### Goal of the exercise
Exact reproduction required: the lines below from the line with "- Concentric6: concentric" to the line with "- Coincident26: coincident", both ends included, and no others.

### Data to examine
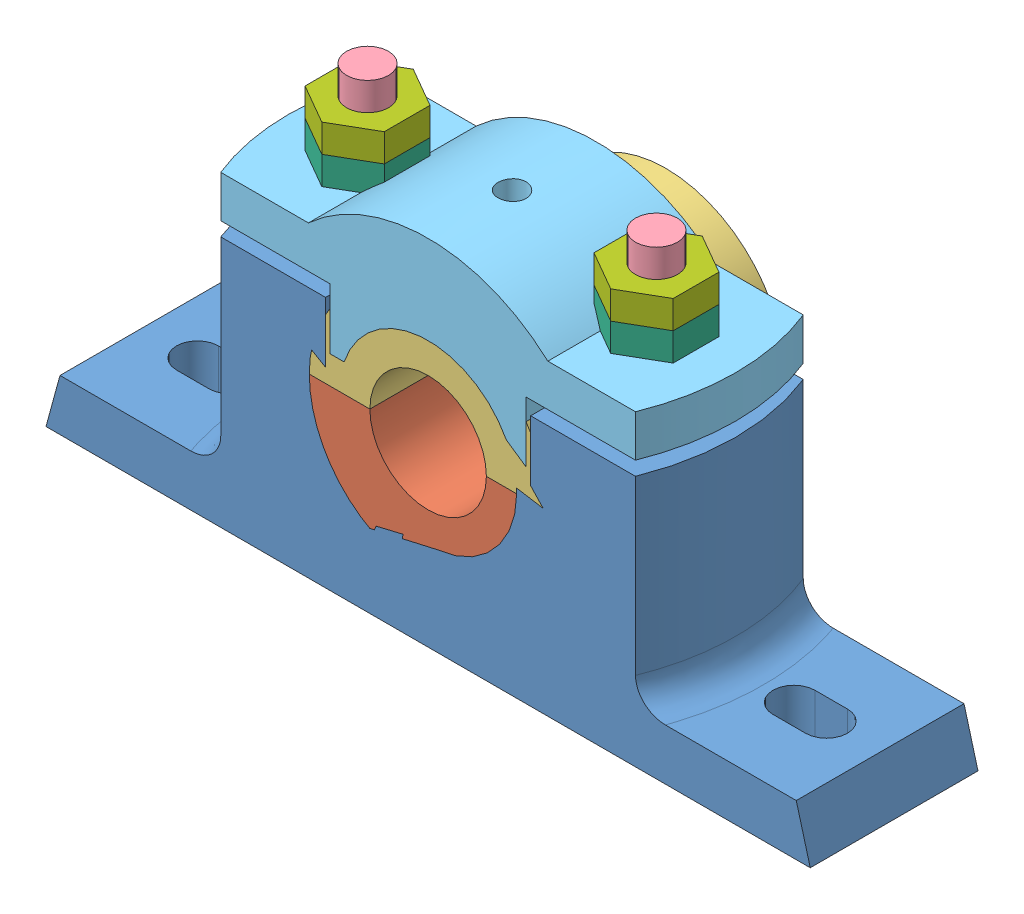
SolidWorks assembly Assem3, configuration Default. Lengths in mm.
Overall size (164 84 51).
10 component instances, 7 part files, 14 mates.
Components (placement in the parent):
- Casing-1: Casing [Default] at (62.4479 99.2954 127.3488) size (164 54 36)
- pp-1: pp [Default] at (62.4479 93.4719 119.8488) x (0 0 -1) z (1 0 0) size (51 25.5 51)
- pp1-3: pp1 [Default] at (62.4479 93.4719 119.8488) x (0 0 -1) z (1 0 0) size (51 25.5 51)
- bolt-1: bolt [Default] at (93.4479 63.4719 127.3488) x (-0.003665 0 -0.999993) z (-0.999993 0 0.003665) size (19 82 19)
- Cap-1: Cap [Default] at (62.4479 93.4719 127.3488) x (1 0 0) z (0 -1 0) size (96 36 32)
- lock Nut-1: lock Nut [Default] at (93.4479 121.4719 127.3488) size (17 6 19.63)
- Part 6-1: Part 6 [Default] at (93.4479 127.4719 127.3488) size (17 6 19.63)
- bolt-2: bolt [Default] at (31.4479 63.4719 127.3488) x (0.003665 0 -0.999993) z (-0.999993 0 -0.003665) size (19 82 19)
- Part 6-2: Part 6 [Default] at (31.4479 127.4719 127.3488) x (-1 0 0) z (0 0 -1) size (17 6 19.63)
- lock Nut-2: lock Nut [Default] at (31.4479 121.4719 127.3488) x (-1 0 0) z (0 0 -1) size (17 6 19.63)
Mates (geometry in assembly coordinates):
- Concentric1: concentric anti-aligned: cylinder of Casing-1 through (62.4479 93.4719 145.3488) axis (0 0 -1) radius 19; cylinder of pp-1 through (62.4479 93.4719 119.8488) axis (0 0 1) radius 17.5
- Coincident1: coincident aligned: plane of Casing-1 through (62.4479 93.4719 145.3488) normal (0 0 1); plane of pp-1 through (49.9479 93.4719 145.3488) normal (0 0 1)
- Coincident16: coincident anti-aligned: plane of pp-1 through (62.4479 93.4719 119.8488) normal (0 1 0); plane of pp1-3 through (62.4479 93.4719 119.8488) normal (0 -1 0)
- Coincident17: coincident aligned: plane of pp-1 through (49.9479 93.4719 94.3488) normal (0 0 -1); plane of pp1-3 through (74.9479 93.4719 94.3488) normal (0 0 -1)
- Concentric5: concentric aligned: cylinder of pp-1 through (62.4479 93.4719 119.8488) axis (0 0 1) radius 12.5; cylinder of pp1-3 through (62.4479 93.4719 119.8488) axis (0 0 1) radius 12.5
- Concentric6: concentric anti-aligned: cylinder of pp1-3 through (62.4479 93.4719 119.8488) axis (0 0 1) radius 19; cylinder of Cap-1 through (62.4479 93.4719 145.3488) axis (0 0 -1) radius 19
- Coincident18: coincident aligned: plane of pp1-3 through (74.9479 93.4719 145.3488) normal (0 0 1); plane of Cap-1 through (62.4479 93.4719 145.3488) normal (0 0 1)
- Coincident19: coincident anti-aligned: plane of Casing-1 through (62.4479 63.4719 127.3488) normal (0 -1 0); plane of bolt-1 through (93.4479 63.4719 127.3488) normal (0 1 0)
- Coincident26: coincident anti-aligned: plane of Casing-1 through (62.4479 63.4719 127.3488) normal (0 -1 0); plane of bolt-1 through (93.4479 63.4719 127.3488) normal (0 1 0)
- Concentric10: concentric anti-aligned: cylinder of Casing-1 through (93.4479 109.4719 127.3488) axis (0 1 0) radius 4.5; cylinder of bolt-1 through (93.4479 139.4719 127.3488) axis (0 -1 0) radius 4.5
- Concentric11: concentric anti-aligned: cylinder of bolt-1 through (93.4479 139.4719 127.3488) axis (0 -1 0) radius 4.5; cylinder of lock Nut-1 through (93.4479 121.4719 127.3488) axis (0 1 0) radius 4.5
- Coincident30: coincident anti-aligned: plane of Cap-1 through (88.1384 121.4719 145.3488) normal (0 1 0); plane of lock Nut-1 through (93.4479 121.4719 127.3488) normal (0 -1 0)
- Concentric12: concentric anti-aligned: cylinder of bolt-1 through (93.4479 139.4719 127.3488) axis (0 -1 0) radius 4.5; cylinder of Part 6-1 through (93.4479 127.4719 127.3488) axis (0 1 0) radius 4.5
- Coincident32: coincident anti-aligned: plane of lock Nut-1 through (93.4479 127.4719 127.3488) normal (0 1 0); plane of Part 6-1 through (93.4479 127.4719 127.3488) normal (0 -1 0)

### Task answer
- Concentric6: concentric anti-aligned: cylinder of pp1-3 through (62.4479 93.4719 119.8488) axis (0 0 1) radius 19; cylinder of Cap-1 through (62.4479 93.4719 145.3488) axis (0 0 -1) radius 19
- Coincident18: coincident aligned: plane of pp1-3 through (74.9479 93.4719 145.3488) normal (0 0 1); plane of Cap-1 through (62.4479 93.4719 145.3488) normal (0 0 1)
- Coincident19: coincident anti-aligned: plane of Casing-1 through (62.4479 63.4719 127.3488) normal (0 -1 0); plane of bolt-1 through (93.4479 63.4719 127.3488) normal (0 1 0)
- Coincident26: coincident anti-aligned: plane of Casing-1 through (62.4479 63.4719 127.3488) normal (0 -1 0); plane of bolt-1 through (93.4479 63.4719 127.3488) normal (0 1 0)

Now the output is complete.